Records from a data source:

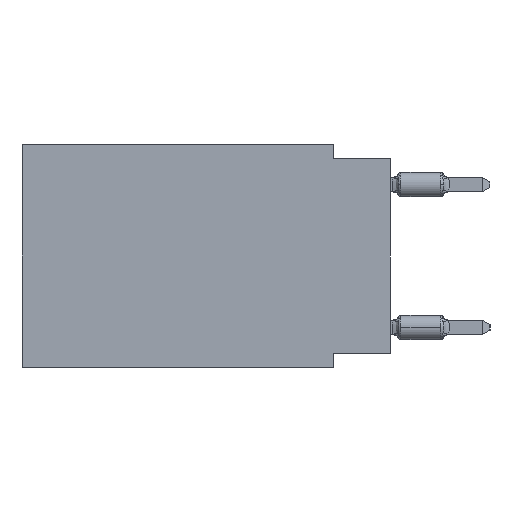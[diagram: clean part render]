
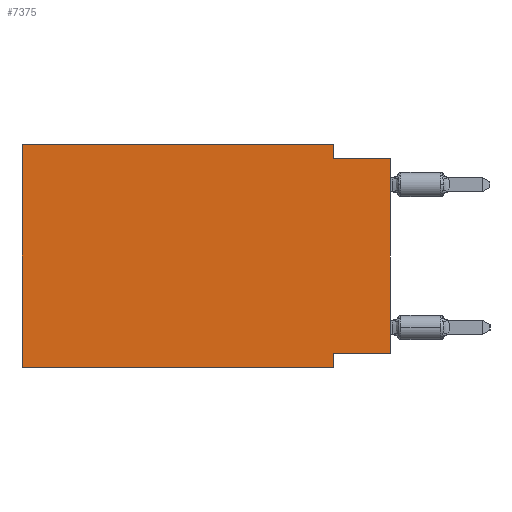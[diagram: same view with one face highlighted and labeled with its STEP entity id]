
A CAD part, left-side view. The second image highlights one B-rep face of the part: STEP entity #7375.
In plain terms, the highlighted planar face has unit normal (-1, 0, 0).
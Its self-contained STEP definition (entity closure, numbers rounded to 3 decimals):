
#169 = CARTESIAN_POINT ( 'NONE',  ( 0., 2.54, 0. ) ) ;
#2440 = ORIENTED_EDGE ( 'NONE', *, *, #37005, .T. ) ;
#3005 = VERTEX_POINT ( 'NONE', #38410 ) ;
#3457 = LINE ( 'NONE', #36537, #50990 ) ;
#3582 = LINE ( 'NONE', #32862, #7702 ) ;
#3731 = VECTOR ( 'NONE', #11823, 1000. ) ;
#4419 = VECTOR ( 'NONE', #9412, 1000. ) ;
#6550 = DIRECTION ( 'NONE',  ( 0., 0., 1. ) ) ;
#6747 = CARTESIAN_POINT ( 'NONE',  ( 0., 16.383, 0. ) ) ;
#7021 = ORIENTED_EDGE ( 'NONE', *, *, #34202, .T. ) ;
#7237 = DIRECTION ( 'NONE',  ( 0., -1., 0. ) ) ;
#7350 = CARTESIAN_POINT ( 'NONE',  ( 0., 16.383, 0. ) ) ;
#7375 = ADVANCED_FACE ( 'NONE', ( #44193 ), #24103, .F. ) ;
#7702 = VECTOR ( 'NONE', #44276, 1000. ) ;
#7764 = EDGE_CURVE ( 'NONE', #28013, #42736, #15905, .T. ) ;
#8222 = CARTESIAN_POINT ( 'NONE',  ( 0., 0., -9.271 ) ) ;
#9412 = DIRECTION ( 'NONE',  ( 0., -1., 0. ) ) ;
#10218 = CARTESIAN_POINT ( 'NONE',  ( 0., 2.54, -9.271 ) ) ;
#11292 = CARTESIAN_POINT ( 'NONE',  ( 0., 16.383, 0. ) ) ;
#11357 = DIRECTION ( 'NONE',  ( 0., 0., -1. ) ) ;
#11823 = DIRECTION ( 'NONE',  ( 0., -1., 0. ) ) ;
#14249 = LINE ( 'NONE', #37858, #24357 ) ;
#15905 = LINE ( 'NONE', #11292, #3731 ) ;
#16024 = EDGE_CURVE ( 'NONE', #24890, #28013, #16033, .T. ) ;
#16033 = LINE ( 'NONE', #7350, #24914 ) ;
#17414 = ORIENTED_EDGE ( 'NONE', *, *, #48316, .F. ) ;
#19610 = EDGE_CURVE ( 'NONE', #3005, #48276, #41993, .T. ) ;
#20754 = LINE ( 'NONE', #169, #43740 ) ;
#21306 = DIRECTION ( 'NONE',  ( 0., 1., 0. ) ) ;
#23754 = ORIENTED_EDGE ( 'NONE', *, *, #16024, .F. ) ;
#24103 = PLANE ( 'NONE',  #35739 ) ;
#24357 = VECTOR ( 'NONE', #21306, 1000. ) ;
#24890 = VERTEX_POINT ( 'NONE', #26294 ) ;
#24914 = VECTOR ( 'NONE', #6550, 1000. ) ;
#25377 = VERTEX_POINT ( 'NONE', #10218 ) ;
#26294 = CARTESIAN_POINT ( 'NONE',  ( 0., 16.383, -9.906 ) ) ;
#26539 = DIRECTION ( 'NONE',  ( 0., 0., 1. ) ) ;
#28013 = VERTEX_POINT ( 'NONE', #35635 ) ;
#29363 = VERTEX_POINT ( 'NONE', #8222 ) ;
#29427 = ORIENTED_EDGE ( 'NONE', *, *, #19610, .F. ) ;
#30350 = ORIENTED_EDGE ( 'NONE', *, *, #53325, .F. ) ;
#30877 = CARTESIAN_POINT ( 'NONE',  ( 0., 0., 0. ) ) ;
#32862 = CARTESIAN_POINT ( 'NONE',  ( 0., 2.54, -9.906 ) ) ;
#33227 = DIRECTION ( 'NONE',  ( 0., 0., -1. ) ) ;
#34202 = EDGE_CURVE ( 'NONE', #24890, #43339, #3457, .T. ) ;
#34960 = LINE ( 'NONE', #30877, #52023 ) ;
#35383 = EDGE_LOOP ( 'NONE', ( #2440, #29427, #17414, #42789, #23754, #7021, #30350, #47839 ) ) ;
#35635 = CARTESIAN_POINT ( 'NONE',  ( 0., 16.383, 0. ) ) ;
#35739 = AXIS2_PLACEMENT_3D ( 'NONE', #6747, #43925, #11357 ) ;
#36537 = CARTESIAN_POINT ( 'NONE',  ( 0., 16.383, -9.906 ) ) ;
#37005 = EDGE_CURVE ( 'NONE', #29363, #48276, #34960, .T. ) ;
#37018 = CARTESIAN_POINT ( 'NONE',  ( 0., 2.54, -9.906 ) ) ;
#37477 = CARTESIAN_POINT ( 'NONE',  ( 0., 2.54, 0. ) ) ;
#37858 = CARTESIAN_POINT ( 'NONE',  ( 0., 0., -9.271 ) ) ;
#37996 = EDGE_CURVE ( 'NONE', #29363, #25377, #14249, .T. ) ;
#38410 = CARTESIAN_POINT ( 'NONE',  ( 0., 2.54, -0.635 ) ) ;
#41993 = LINE ( 'NONE', #43062, #4419 ) ;
#42736 = VERTEX_POINT ( 'NONE', #37477 ) ;
#42789 = ORIENTED_EDGE ( 'NONE', *, *, #7764, .F. ) ;
#43062 = CARTESIAN_POINT ( 'NONE',  ( 0., 0., -0.635 ) ) ;
#43339 = VERTEX_POINT ( 'NONE', #37018 ) ;
#43740 = VECTOR ( 'NONE', #33227, 1000. ) ;
#43925 = DIRECTION ( 'NONE',  ( 1., 0., 0. ) ) ;
#44193 = FACE_OUTER_BOUND ( 'NONE', #35383, .T. ) ;
#44276 = DIRECTION ( 'NONE',  ( 0., 0., -1. ) ) ;
#45185 = CARTESIAN_POINT ( 'NONE',  ( 0., 0., -0.635 ) ) ;
#47839 = ORIENTED_EDGE ( 'NONE', *, *, #37996, .F. ) ;
#48276 = VERTEX_POINT ( 'NONE', #45185 ) ;
#48316 = EDGE_CURVE ( 'NONE', #42736, #3005, #20754, .T. ) ;
#50990 = VECTOR ( 'NONE', #7237, 1000. ) ;
#52023 = VECTOR ( 'NONE', #26539, 1000. ) ;
#53325 = EDGE_CURVE ( 'NONE', #25377, #43339, #3582, .T. ) ;
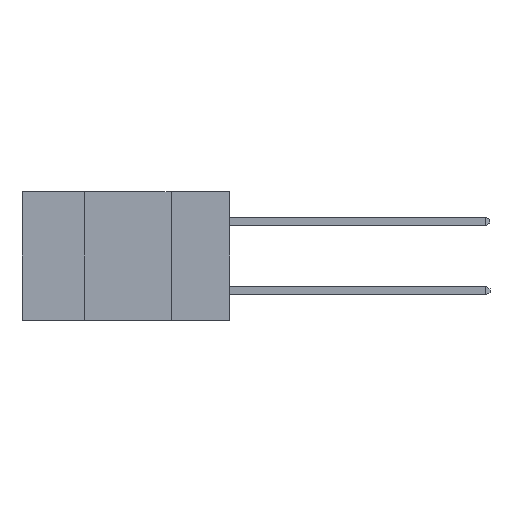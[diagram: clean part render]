
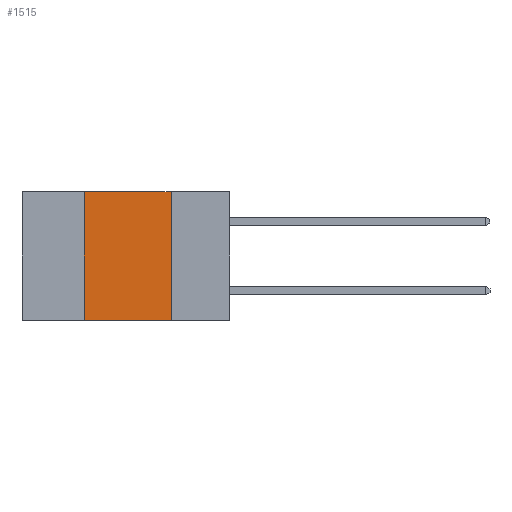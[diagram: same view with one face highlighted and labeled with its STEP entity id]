
A CAD part, left-side view. The second image highlights one B-rep face of the part: STEP entity #1515.
In plain terms, the highlighted planar face has unit normal (-1, 0, 0).
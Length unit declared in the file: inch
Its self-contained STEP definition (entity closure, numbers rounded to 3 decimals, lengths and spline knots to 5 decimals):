
#405 = VECTOR ( 'NONE', #3764, 39.37008 ) ;
#472 = CARTESIAN_POINT ( 'NONE',  ( 0., 0.6, 0. ) ) ;
#948 = LINE ( 'NONE', #8181, #2909 ) ;
#1068 = ORIENTED_EDGE ( 'NONE', *, *, #5798, .T. ) ;
#1515 = ADVANCED_FACE ( 'NONE', ( #8056 ), #9305, .F. ) ;
#2367 = CARTESIAN_POINT ( 'NONE',  ( 0., 0.42, 0. ) ) ;
#2909 = VECTOR ( 'NONE', #7818, 39.37008 ) ;
#3309 = CARTESIAN_POINT ( 'NONE',  ( 0., 0.42, -0.37 ) ) ;
#3413 = VERTEX_POINT ( 'NONE', #5740 ) ;
#3545 = ORIENTED_EDGE ( 'NONE', *, *, #8607, .F. ) ;
#3764 = DIRECTION ( 'NONE',  ( 0., 0., -1. ) ) ;
#3861 = CARTESIAN_POINT ( 'NONE',  ( 0., 0.17, 0. ) ) ;
#4043 = VERTEX_POINT ( 'NONE', #2367 ) ;
#4068 = VECTOR ( 'NONE', #9138, 39.37008 ) ;
#4483 = LINE ( 'NONE', #4726, #10520 ) ;
#4726 = CARTESIAN_POINT ( 'NONE',  ( 0., 0.6, 0. ) ) ;
#5127 = DIRECTION ( 'NONE',  ( 0., 0., -1. ) ) ;
#5740 = CARTESIAN_POINT ( 'NONE',  ( 0., 0.17, -0.37 ) ) ;
#5798 = EDGE_CURVE ( 'NONE', #10427, #3413, #948, .T. ) ;
#5991 = DIRECTION ( 'NONE',  ( 1., 0., 0. ) ) ;
#6003 = LINE ( 'NONE', #3309, #4068 ) ;
#6095 = VERTEX_POINT ( 'NONE', #3861 ) ;
#6387 = DIRECTION ( 'NONE',  ( 0., -1., 0. ) ) ;
#6858 = CARTESIAN_POINT ( 'NONE',  ( 0., 0.42, -0.37 ) ) ;
#6949 = EDGE_CURVE ( 'NONE', #10427, #4043, #6003, .T. ) ;
#7745 = ORIENTED_EDGE ( 'NONE', *, *, #6949, .F. ) ;
#7818 = DIRECTION ( 'NONE',  ( 0., -1., 0. ) ) ;
#8007 = ORIENTED_EDGE ( 'NONE', *, *, #9157, .F. ) ;
#8056 = FACE_OUTER_BOUND ( 'NONE', #10317, .T. ) ;
#8181 = CARTESIAN_POINT ( 'NONE',  ( 0., 0.6, -0.37 ) ) ;
#8589 = AXIS2_PLACEMENT_3D ( 'NONE', #472, #5991, #5127 ) ;
#8607 = EDGE_CURVE ( 'NONE', #4043, #6095, #4483, .T. ) ;
#8749 = CARTESIAN_POINT ( 'NONE',  ( 0., 0.17, -0.37 ) ) ;
#9138 = DIRECTION ( 'NONE',  ( 0., 0., 1. ) ) ;
#9157 = EDGE_CURVE ( 'NONE', #6095, #3413, #9257, .T. ) ;
#9257 = LINE ( 'NONE', #8749, #405 ) ;
#9305 = PLANE ( 'NONE',  #8589 ) ;
#10317 = EDGE_LOOP ( 'NONE', ( #8007, #3545, #7745, #1068 ) ) ;
#10427 = VERTEX_POINT ( 'NONE', #6858 ) ;
#10520 = VECTOR ( 'NONE', #6387, 39.37008 ) ;
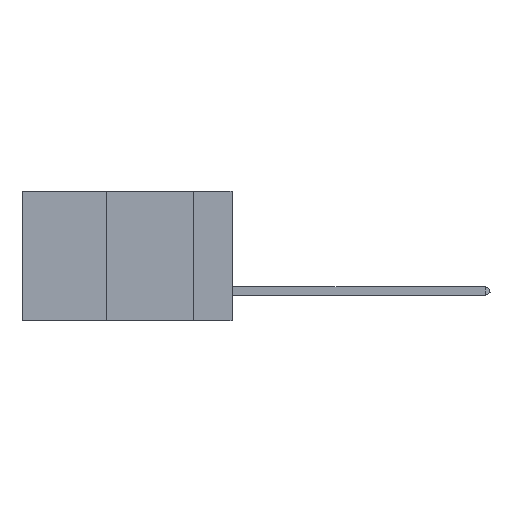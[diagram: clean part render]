
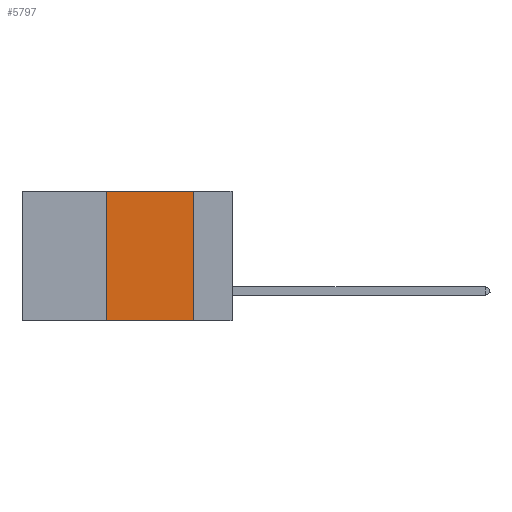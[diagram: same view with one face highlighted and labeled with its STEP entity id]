
A CAD part, left-side view. The second image highlights one B-rep face of the part: STEP entity #5797.
In plain terms, the highlighted planar face has unit normal (-1, 0, 0).
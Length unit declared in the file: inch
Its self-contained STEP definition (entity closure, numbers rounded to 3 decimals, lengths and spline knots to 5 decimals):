
#653 = EDGE_CURVE ( 'NONE', #17035, #6031, #17224, .T. ) ;
#801 = DIRECTION ( 'NONE',  ( 0., -1., 0. ) ) ;
#1124 = CARTESIAN_POINT ( 'NONE',  ( 0., 0.36, -0.37 ) ) ;
#1419 = EDGE_CURVE ( 'NONE', #16702, #3063, #9067, .T. ) ;
#1791 = DIRECTION ( 'NONE',  ( 0., 0., 1. ) ) ;
#1962 = LINE ( 'NONE', #14263, #12806 ) ;
#2434 = EDGE_CURVE ( 'NONE', #6031, #16702, #1962, .T. ) ;
#2634 = CARTESIAN_POINT ( 'NONE',  ( 0., 0.11, 0. ) ) ;
#2690 = DIRECTION ( 'NONE',  ( 0., -1., 0. ) ) ;
#3063 = VERTEX_POINT ( 'NONE', #15061 ) ;
#3731 = PLANE ( 'NONE',  #17295 ) ;
#4712 = DIRECTION ( 'NONE',  ( 0., 0., -1. ) ) ;
#5071 = CARTESIAN_POINT ( 'NONE',  ( 0., 0.6, 0. ) ) ;
#5313 = CARTESIAN_POINT ( 'NONE',  ( 0., 0.6, -0.37 ) ) ;
#5797 = ADVANCED_FACE ( 'NONE', ( #8739 ), #3731, .F. ) ;
#6031 = VERTEX_POINT ( 'NONE', #15530 ) ;
#6299 = VECTOR ( 'NONE', #2690, 39.37008 ) ;
#6523 = ORIENTED_EDGE ( 'NONE', *, *, #2434, .F. ) ;
#7345 = CARTESIAN_POINT ( 'NONE',  ( 0., 0.36, 0. ) ) ;
#8455 = VECTOR ( 'NONE', #1791, 39.37008 ) ;
#8644 = VECTOR ( 'NONE', #4712, 39.37008 ) ;
#8739 = FACE_OUTER_BOUND ( 'NONE', #11861, .T. ) ;
#9067 = LINE ( 'NONE', #9851, #8644 ) ;
#9179 = ORIENTED_EDGE ( 'NONE', *, *, #1419, .F. ) ;
#9212 = DIRECTION ( 'NONE',  ( 1., 0., 0. ) ) ;
#9851 = CARTESIAN_POINT ( 'NONE',  ( 0., 0.11, 0. ) ) ;
#10816 = ORIENTED_EDGE ( 'NONE', *, *, #16749, .T. ) ;
#11861 = EDGE_LOOP ( 'NONE', ( #9179, #6523, #16054, #10816 ) ) ;
#12083 = DIRECTION ( 'NONE',  ( 0., 0., -1. ) ) ;
#12806 = VECTOR ( 'NONE', #801, 39.37008 ) ;
#14263 = CARTESIAN_POINT ( 'NONE',  ( 0., 0.6, 0. ) ) ;
#14443 = LINE ( 'NONE', #5313, #6299 ) ;
#15061 = CARTESIAN_POINT ( 'NONE',  ( 0., 0.11, -0.37 ) ) ;
#15530 = CARTESIAN_POINT ( 'NONE',  ( 0., 0.36, 0. ) ) ;
#16054 = ORIENTED_EDGE ( 'NONE', *, *, #653, .F. ) ;
#16702 = VERTEX_POINT ( 'NONE', #2634 ) ;
#16749 = EDGE_CURVE ( 'NONE', #17035, #3063, #14443, .T. ) ;
#17035 = VERTEX_POINT ( 'NONE', #1124 ) ;
#17224 = LINE ( 'NONE', #7345, #8455 ) ;
#17295 = AXIS2_PLACEMENT_3D ( 'NONE', #5071, #9212, #12083 ) ;

## GOAL OF THE EXERCISE
Reproduce the records above from their first line to the line bearing "#6550 = DIRECTION", both ends included, leaving every picture out.

## RESPONSE FOR THIS EXERCISE
[diagram: clean part render]
[diagram: same view with one face highlighted and labeled with its STEP entity id]
A CAD part, left-side view. The second image highlights one B-rep face of the part: STEP entity #7375.
In plain terms, the highlighted planar face has unit normal (-1, 0, 0).
Its self-contained STEP definition (entity closure, numbers rounded to 3 decimals):
#169 = CARTESIAN_POINT ( 'NONE',  ( 0., 2.54, 0. ) ) ;
#2440 = ORIENTED_EDGE ( 'NONE', *, *, #37005, .T. ) ;
#3005 = VERTEX_POINT ( 'NONE', #38410 ) ;
#3457 = LINE ( 'NONE', #36537, #50990 ) ;
#3582 = LINE ( 'NONE', #32862, #7702 ) ;
#3731 = VECTOR ( 'NONE', #11823, 1000. ) ;
#4419 = VECTOR ( 'NONE', #9412, 1000. ) ;
#6550 = DIRECTION ( 'NONE',  ( 0., 0., 1. ) ) ;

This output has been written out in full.